CEQ De-Emphasizes Cost-Benefit Analysis And “Social Cost Of Carbon”

Finally, CEQ also adjusts its previous approach under the 2014 Revised Draft to de-emphasize the reliance on cost-benefit analyses and the Social Cost of Carbon (SCC) analytical tool.  Although the Final Guidance refers to both cost-benefit analysis and the SCC, it makes clear that “NEPA does not require monetizing costs and benefits.”  In fact, the Final Guidance explains that federal agencies should not use a monetary cost-benefit analysis when they are also considering important qualitative issues. As in the 2014 Revised Draft, CEQ suggests appending a cost-benefit analysis to the NEPA document.  For example, an agency could incorporate an administrative rulemaking’s cost-benefit analysis to a NEPA review by reference, if appropriate.

CEQ also de-emphasizes the utility of the SCC analytical tool.  In the 2014 Revised Draft, CEQ highlighted the SCC as a useful tool for NEPA analyses that monetizes costs and benefits.  In contrast, the Final Guidance makes only a passing reference to the SCC in a footnote as a tool developed for federal rulemakings that can provide useful information in a NEPA review.  The body of the Final Guidance, however, emphasizes that an agency should disclose the assumptions, alternative inputs, and levels of uncertainty inherent to such an analysis.  Therefore, although the Final Guidance suggests that agencies may use the SCC beyond the rulemaking context for which it was developed, CEQ makes clear that NEPA does not require a monetized cost-benefit analysis and that agencies should describe the limitations of all models that purport to monetize the impacts of GHG emissions.


As noted above, CEQ’s guidance documents do not carry the force and effect of law.  Despite its limited legal authority, the Final Guidance may serve to expand a reviewing agency’s role under NEPA.  Although CEQ repeatedly references the discretion of the federal agencies, federal agencies will look to this Final Guidance for instruction on how to meet their respective obligations under NEPA.

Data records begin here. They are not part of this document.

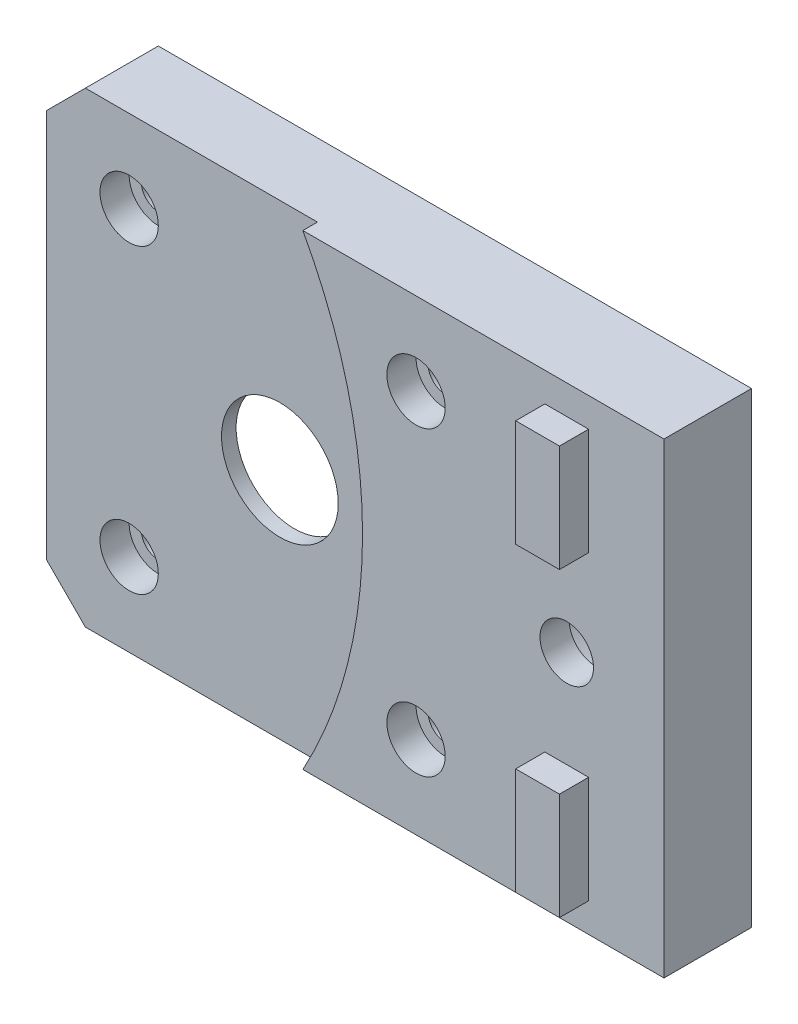
ISO-10303-21;
HEADER;
FILE_DESCRIPTION(('STEP AP214'),'2;1');
FILE_NAME('part.step','',(''),(''),'','','');
FILE_SCHEMA(('AUTOMOTIVE_DESIGN { 1 0 10303 214 1 1 1 1 }'));
ENDSEC;
DATA;
#1=APPLICATION_CONTEXT('core data for automotive mechanical design processes');
#2=APPLICATION_PROTOCOL_DEFINITION('international standard','automotive_design',2000,#1);
#3=PRODUCT_CONTEXT('',#1,'mechanical');
#4=PRODUCT('Part','Part','',(#3));
#5=PRODUCT_RELATED_PRODUCT_CATEGORY('part','',(#4));
#6=PRODUCT_DEFINITION_FORMATION('','',#4);
#7=PRODUCT_DEFINITION_CONTEXT('part definition',#1,'design');
#8=PRODUCT_DEFINITION('design','',#6,#7);
#9=PRODUCT_DEFINITION_SHAPE('','',#8);
#10=(LENGTH_UNIT() NAMED_UNIT(*) SI_UNIT(.MILLI.,.METRE.));
#11=(NAMED_UNIT(*) PLANE_ANGLE_UNIT() SI_UNIT($,.RADIAN.));
#12=(NAMED_UNIT(*) SI_UNIT($,.STERADIAN.) SOLID_ANGLE_UNIT());
#13=UNCERTAINTY_MEASURE_WITH_UNIT(LENGTH_MEASURE(1.E-05),#10,'distance_accuracy_value','');
#14=(GEOMETRIC_REPRESENTATION_CONTEXT(3) GLOBAL_UNCERTAINTY_ASSIGNED_CONTEXT((#13)) GLOBAL_UNIT_ASSIGNED_CONTEXT((#10,
#11,#12)) REPRESENTATION_CONTEXT('',''));
#15=CARTESIAN_POINT('',(0.,0.,0.));
#16=DIRECTION('',(0.,0.,1.));
#17=DIRECTION('',(1.,0.,0.));
#18=AXIS2_PLACEMENT_3D('',#15,#16,#17);
#19=CARTESIAN_POINT('',(31.,0.,9.));
#20=DIRECTION('',(0.,0.,-1.));
#21=DIRECTION('',(-1.,0.,0.));
#22=AXIS2_PLACEMENT_3D('',#19,#20,#21);
#23=CYLINDRICAL_SURFACE('',#22,2.75);
#24=CARTESIAN_POINT('',(31.,0.,6.));
#25=DIRECTION('',(0.,0.,1.));
#26=DIRECTION('',(1.,0.,0.));
#27=AXIS2_PLACEMENT_3D('',#24,#25,#26);
#28=CIRCLE('',#27,2.75);
#29=CARTESIAN_POINT('',(33.75,0.,6.));
#30=VERTEX_POINT('',#29);
#31=EDGE_CURVE('E287',#30,#30,#28,.T.);
#32=ORIENTED_EDGE('',*,*,#31,.T.);
#33=EDGE_LOOP('',(#32));
#34=FACE_BOUND('',#33,.T.);
#35=CARTESIAN_POINT('',(31.,0.,3.));
#36=DIRECTION('',(0.,0.,-1.));
#37=DIRECTION('',(-1.,0.,0.));
#38=AXIS2_PLACEMENT_3D('',#35,#36,#37);
#39=CIRCLE('',#38,2.75);
#40=CARTESIAN_POINT('',(28.25,0.,3.));
#41=VERTEX_POINT('',#40);
#42=EDGE_CURVE('E44',#41,#41,#39,.F.);
#43=ORIENTED_EDGE('',*,*,#42,.F.);
#44=EDGE_LOOP('',(#43));
#45=FACE_BOUND('',#44,.T.);
#46=ADVANCED_FACE('F40',(#34,#45),#23,.F.);
#47=CARTESIAN_POINT('',(-15.4997806436091,15.4997806436091,6.));
#48=DIRECTION('',(0.,0.,-1.));
#49=DIRECTION('',(-1.,0.,0.));
#50=AXIS2_PLACEMENT_3D('',#47,#48,#49);
#51=CYLINDRICAL_SURFACE('',#50,1.75);
#52=CARTESIAN_POINT('',(-15.4997806436091,15.4997806436091,0.));
#53=DIRECTION('',(0.,0.,1.));
#54=DIRECTION('',(1.,0.,0.));
#55=AXIS2_PLACEMENT_3D('',#52,#53,#54);
#56=CIRCLE('',#55,1.75);
#57=CARTESIAN_POINT('',(-13.7497806436091,15.4997806436091,0.));
#58=VERTEX_POINT('',#57);
#59=EDGE_CURVE('E388',#58,#58,#56,.F.);
#60=ORIENTED_EDGE('',*,*,#59,.T.);
#61=EDGE_LOOP('',(#60));
#62=FACE_BOUND('',#61,.T.);
#63=CARTESIAN_POINT('',(-15.4997806436091,15.4997806436091,1.5));
#64=DIRECTION('',(0.,0.,1.));
#65=DIRECTION('',(1.,0.,0.));
#66=AXIS2_PLACEMENT_3D('',#63,#64,#65);
#67=CIRCLE('',#66,1.75);
#68=CARTESIAN_POINT('',(-13.7497806436091,15.4997806436091,1.5));
#69=VERTEX_POINT('',#68);
#70=EDGE_CURVE('E204',#69,#69,#67,.T.);
#71=ORIENTED_EDGE('',*,*,#70,.T.);
#72=EDGE_LOOP('',(#71));
#73=FACE_BOUND('',#72,.T.);
#74=ADVANCED_FACE('F441',(#62,#73),#51,.F.);
#75=CARTESIAN_POINT('',(-15.4997806436091,-15.4997806436091,6.));
#76=DIRECTION('',(0.,0.,-1.));
#77=DIRECTION('',(-1.,0.,0.));
#78=AXIS2_PLACEMENT_3D('',#75,#76,#77);
#79=CYLINDRICAL_SURFACE('',#78,1.75);
#80=CARTESIAN_POINT('',(-15.4997806436091,-15.4997806436091,0.));
#81=DIRECTION('',(0.,0.,1.));
#82=DIRECTION('',(1.,0.,0.));
#83=AXIS2_PLACEMENT_3D('',#80,#81,#82);
#84=CIRCLE('',#83,1.75);
#85=CARTESIAN_POINT('',(-13.7497806436091,-15.4997806436091,0.));
#86=VERTEX_POINT('',#85);
#87=EDGE_CURVE('E392',#86,#86,#84,.F.);
#88=ORIENTED_EDGE('',*,*,#87,.T.);
#89=EDGE_LOOP('',(#88));
#90=FACE_BOUND('',#89,.T.);
#91=CARTESIAN_POINT('',(-15.4997806436091,-15.4997806436091,1.5));
#92=DIRECTION('',(0.,0.,1.));
#93=DIRECTION('',(1.,0.,0.));
#94=AXIS2_PLACEMENT_3D('',#91,#92,#93);
#95=CIRCLE('',#94,1.75);
#96=CARTESIAN_POINT('',(-13.7497806436091,-15.4997806436091,1.5));
#97=VERTEX_POINT('',#96);
#98=EDGE_CURVE('E433',#97,#97,#95,.T.);
#99=ORIENTED_EDGE('',*,*,#98,.T.);
#100=EDGE_LOOP('',(#99));
#101=FACE_BOUND('',#100,.T.);
#102=ADVANCED_FACE('F568',(#90,#101),#79,.F.);
#103=CARTESIAN_POINT('',(0.,0.,6.));
#104=DIRECTION('',(0.,0.,-1.));
#105=DIRECTION('',(-1.,0.,0.));
#106=AXIS2_PLACEMENT_3D('',#103,#104,#105);
#107=CYLINDRICAL_SURFACE('',#106,6.);
#108=CARTESIAN_POINT('',(0.,0.,3.));
#109=DIRECTION('',(0.,0.,1.));
#110=DIRECTION('',(1.,0.,0.));
#111=AXIS2_PLACEMENT_3D('',#108,#109,#110);
#112=CIRCLE('',#111,6.);
#113=CARTESIAN_POINT('',(6.,0.,3.));
#114=VERTEX_POINT('',#113);
#115=EDGE_CURVE('E344',#114,#114,#112,.F.);
#116=ORIENTED_EDGE('',*,*,#115,.T.);
#117=EDGE_LOOP('',(#116));
#118=FACE_BOUND('',#117,.T.);
#119=CARTESIAN_POINT('',(0.,0.,4.5));
#120=DIRECTION('',(0.,0.,1.));
#121=DIRECTION('',(1.,0.,0.));
#122=AXIS2_PLACEMENT_3D('',#119,#120,#121);
#123=CIRCLE('',#122,6.);
#124=CARTESIAN_POINT('',(6.,0.,4.5));
#125=VERTEX_POINT('',#124);
#126=EDGE_CURVE('E214',#125,#125,#123,.T.);
#127=ORIENTED_EDGE('',*,*,#126,.T.);
#128=EDGE_LOOP('',(#127));
#129=FACE_BOUND('',#128,.T.);
#130=ADVANCED_FACE('F618',(#118,#129),#107,.F.);
#131=CARTESIAN_POINT('',(-15.4997806436091,-15.4997806436091,3.));
#132=DIRECTION('',(0.,0.,1.));
#133=DIRECTION('',(1.,0.,0.));
#134=AXIS2_PLACEMENT_3D('',#131,#132,#133);
#135=CYLINDRICAL_SURFACE('',#134,3.);
#136=CARTESIAN_POINT('',(-15.4997806436091,-15.4997806436091,4.5));
#137=DIRECTION('',(0.,0.,1.));
#138=DIRECTION('',(1.,0.,0.));
#139=AXIS2_PLACEMENT_3D('',#136,#137,#138);
#140=CIRCLE('',#139,3.);
#141=CARTESIAN_POINT('',(-12.4997806436091,-15.4997806436091,4.5));
#142=VERTEX_POINT('',#141);
#143=EDGE_CURVE('E478',#142,#142,#140,.F.);
#144=ORIENTED_EDGE('',*,*,#143,.F.);
#145=EDGE_LOOP('',(#144));
#146=FACE_BOUND('',#145,.T.);
#147=CARTESIAN_POINT('',(-15.4997806436091,-15.4997806436091,1.5));
#148=DIRECTION('',(0.,0.,1.));
#149=DIRECTION('',(1.,0.,0.));
#150=AXIS2_PLACEMENT_3D('',#147,#148,#149);
#151=CIRCLE('',#150,3.);
#152=CARTESIAN_POINT('',(-12.4997806436091,-15.4997806436091,1.5));
#153=VERTEX_POINT('',#152);
#154=EDGE_CURVE('E452',#153,#153,#151,.T.);
#155=ORIENTED_EDGE('',*,*,#154,.F.);
#156=EDGE_LOOP('',(#155));
#157=FACE_BOUND('',#156,.T.);
#158=ADVANCED_FACE('F596',(#146,#157),#135,.F.);
#159=CARTESIAN_POINT('',(-15.4997806436091,15.4997806436091,3.));
#160=DIRECTION('',(0.,0.,1.));
#161=DIRECTION('',(1.,0.,0.));
#162=AXIS2_PLACEMENT_3D('',#159,#160,#161);
#163=CYLINDRICAL_SURFACE('',#162,3.);
#164=CARTESIAN_POINT('',(-15.4997806436091,15.4997806436091,4.5));
#165=DIRECTION('',(0.,0.,1.));
#166=DIRECTION('',(1.,0.,0.));
#167=AXIS2_PLACEMENT_3D('',#164,#165,#166);
#168=CIRCLE('',#167,3.);
#169=CARTESIAN_POINT('',(-12.4997806436091,15.4997806436091,4.5));
#170=VERTEX_POINT('',#169);
#171=EDGE_CURVE('E474',#170,#170,#168,.F.);
#172=ORIENTED_EDGE('',*,*,#171,.F.);
#173=EDGE_LOOP('',(#172));
#174=FACE_BOUND('',#173,.T.);
#175=CARTESIAN_POINT('',(-15.4997806436091,15.4997806436091,1.5));
#176=DIRECTION('',(0.,0.,1.));
#177=DIRECTION('',(1.,0.,0.));
#178=AXIS2_PLACEMENT_3D('',#175,#176,#177);
#179=CIRCLE('',#178,3.);
#180=CARTESIAN_POINT('',(-12.4997806436091,15.4997806436091,1.5));
#181=VERTEX_POINT('',#180);
#182=EDGE_CURVE('E436',#181,#181,#179,.T.);
#183=ORIENTED_EDGE('',*,*,#182,.F.);
#184=EDGE_LOOP('',(#183));
#185=FACE_BOUND('',#184,.T.);
#186=ADVANCED_FACE('F592',(#174,#185),#163,.F.);
#187=CARTESIAN_POINT('',(-24.,0.,6.));
#188=DIRECTION('',(-1.,0.,0.));
#189=DIRECTION('',(0.,0.,1.));
#190=AXIS2_PLACEMENT_3D('',#187,#188,#189);
#191=PLANE('',#190);
#192=DIRECTION('',(0.,0.,1.));
#193=VECTOR('',#192,1.);
#194=CARTESIAN_POINT('',(-24.,-20.,6.));
#195=LINE('',#194,#193);
#196=CARTESIAN_POINT('',(-24.,-20.,-3.));
#197=VERTEX_POINT('',#196);
#198=CARTESIAN_POINT('',(-24.,-20.,4.5));
#199=VERTEX_POINT('',#198);
#200=EDGE_CURVE('E424',#197,#199,#195,.T.);
#201=ORIENTED_EDGE('',*,*,#200,.T.);
#202=DIRECTION('',(0.,1.,0.));
#203=VECTOR('',#202,1.);
#204=CARTESIAN_POINT('',(-24.,0.,4.5));
#205=LINE('',#204,#203);
#206=CARTESIAN_POINT('',(-24.,20.,4.5));
#207=VERTEX_POINT('',#206);
#208=EDGE_CURVE('E461',#199,#207,#205,.T.);
#209=ORIENTED_EDGE('',*,*,#208,.T.);
#210=DIRECTION('',(0.,0.,-1.));
#211=VECTOR('',#210,1.);
#212=CARTESIAN_POINT('',(-24.,20.,6.));
#213=LINE('',#212,#211);
#214=CARTESIAN_POINT('',(-24.,20.,-3.));
#215=VERTEX_POINT('',#214);
#216=EDGE_CURVE('E66',#207,#215,#213,.T.);
#217=ORIENTED_EDGE('',*,*,#216,.T.);
#218=DIRECTION('',(0.,1.,0.));
#219=VECTOR('',#218,1.);
#220=CARTESIAN_POINT('',(-24.,0.,-3.));
#221=LINE('',#220,#219);
#222=EDGE_CURVE('E494',#197,#215,#221,.T.);
#223=ORIENTED_EDGE('',*,*,#222,.F.);
#224=EDGE_LOOP('',(#201,#209,#217,#223));
#225=FACE_BOUND('',#224,.T.);
#226=ADVANCED_FACE('F595',(#225),#191,.T.);
#227=CARTESIAN_POINT('',(-20.,-24.,6.));
#228=DIRECTION('',(-0.707106781186549,-0.707106781186546,0.));
#229=DIRECTION('',(0.,0.,1.));
#230=AXIS2_PLACEMENT_3D('',#227,#228,#229);
#231=PLANE('',#230);
#232=DIRECTION('',(0.,0.,-1.));
#233=VECTOR('',#232,1.);
#234=CARTESIAN_POINT('',(-20.,-24.,-3.));
#235=LINE('',#234,#233);
#236=CARTESIAN_POINT('',(-20.,-24.,4.5));
#237=VERTEX_POINT('',#236);
#238=CARTESIAN_POINT('',(-20.,-24.,-3.));
#239=VERTEX_POINT('',#238);
#240=EDGE_CURVE('E413',#237,#239,#235,.T.);
#241=ORIENTED_EDGE('',*,*,#240,.F.);
#242=DIRECTION('',(-0.707106781186546,0.707106781186549,0.));
#243=VECTOR('',#242,1.);
#244=CARTESIAN_POINT('',(-20.,-24.,4.5));
#245=LINE('',#244,#243);
#246=EDGE_CURVE('E467',#237,#199,#245,.T.);
#247=ORIENTED_EDGE('',*,*,#246,.T.);
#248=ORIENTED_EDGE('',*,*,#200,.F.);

Federal agencies likely will attempt to comply with CEQ’s guidance, though we expect that given the discretion that CEQ affords agencies in the Final Guidance, agencies’ implementation of the guidance is likely to be inconsistent.  These agencies will delay completion of their NEPA reviews to resolve any confusion arising out of CEQ’s directives.  Despite the agencies’ efforts to comply, litigation is likely and it is possible that industry, environmental interest groups, or both will point to the Final Guidance to argue in a federal court appeal that an agency has or has not complied with NEPA.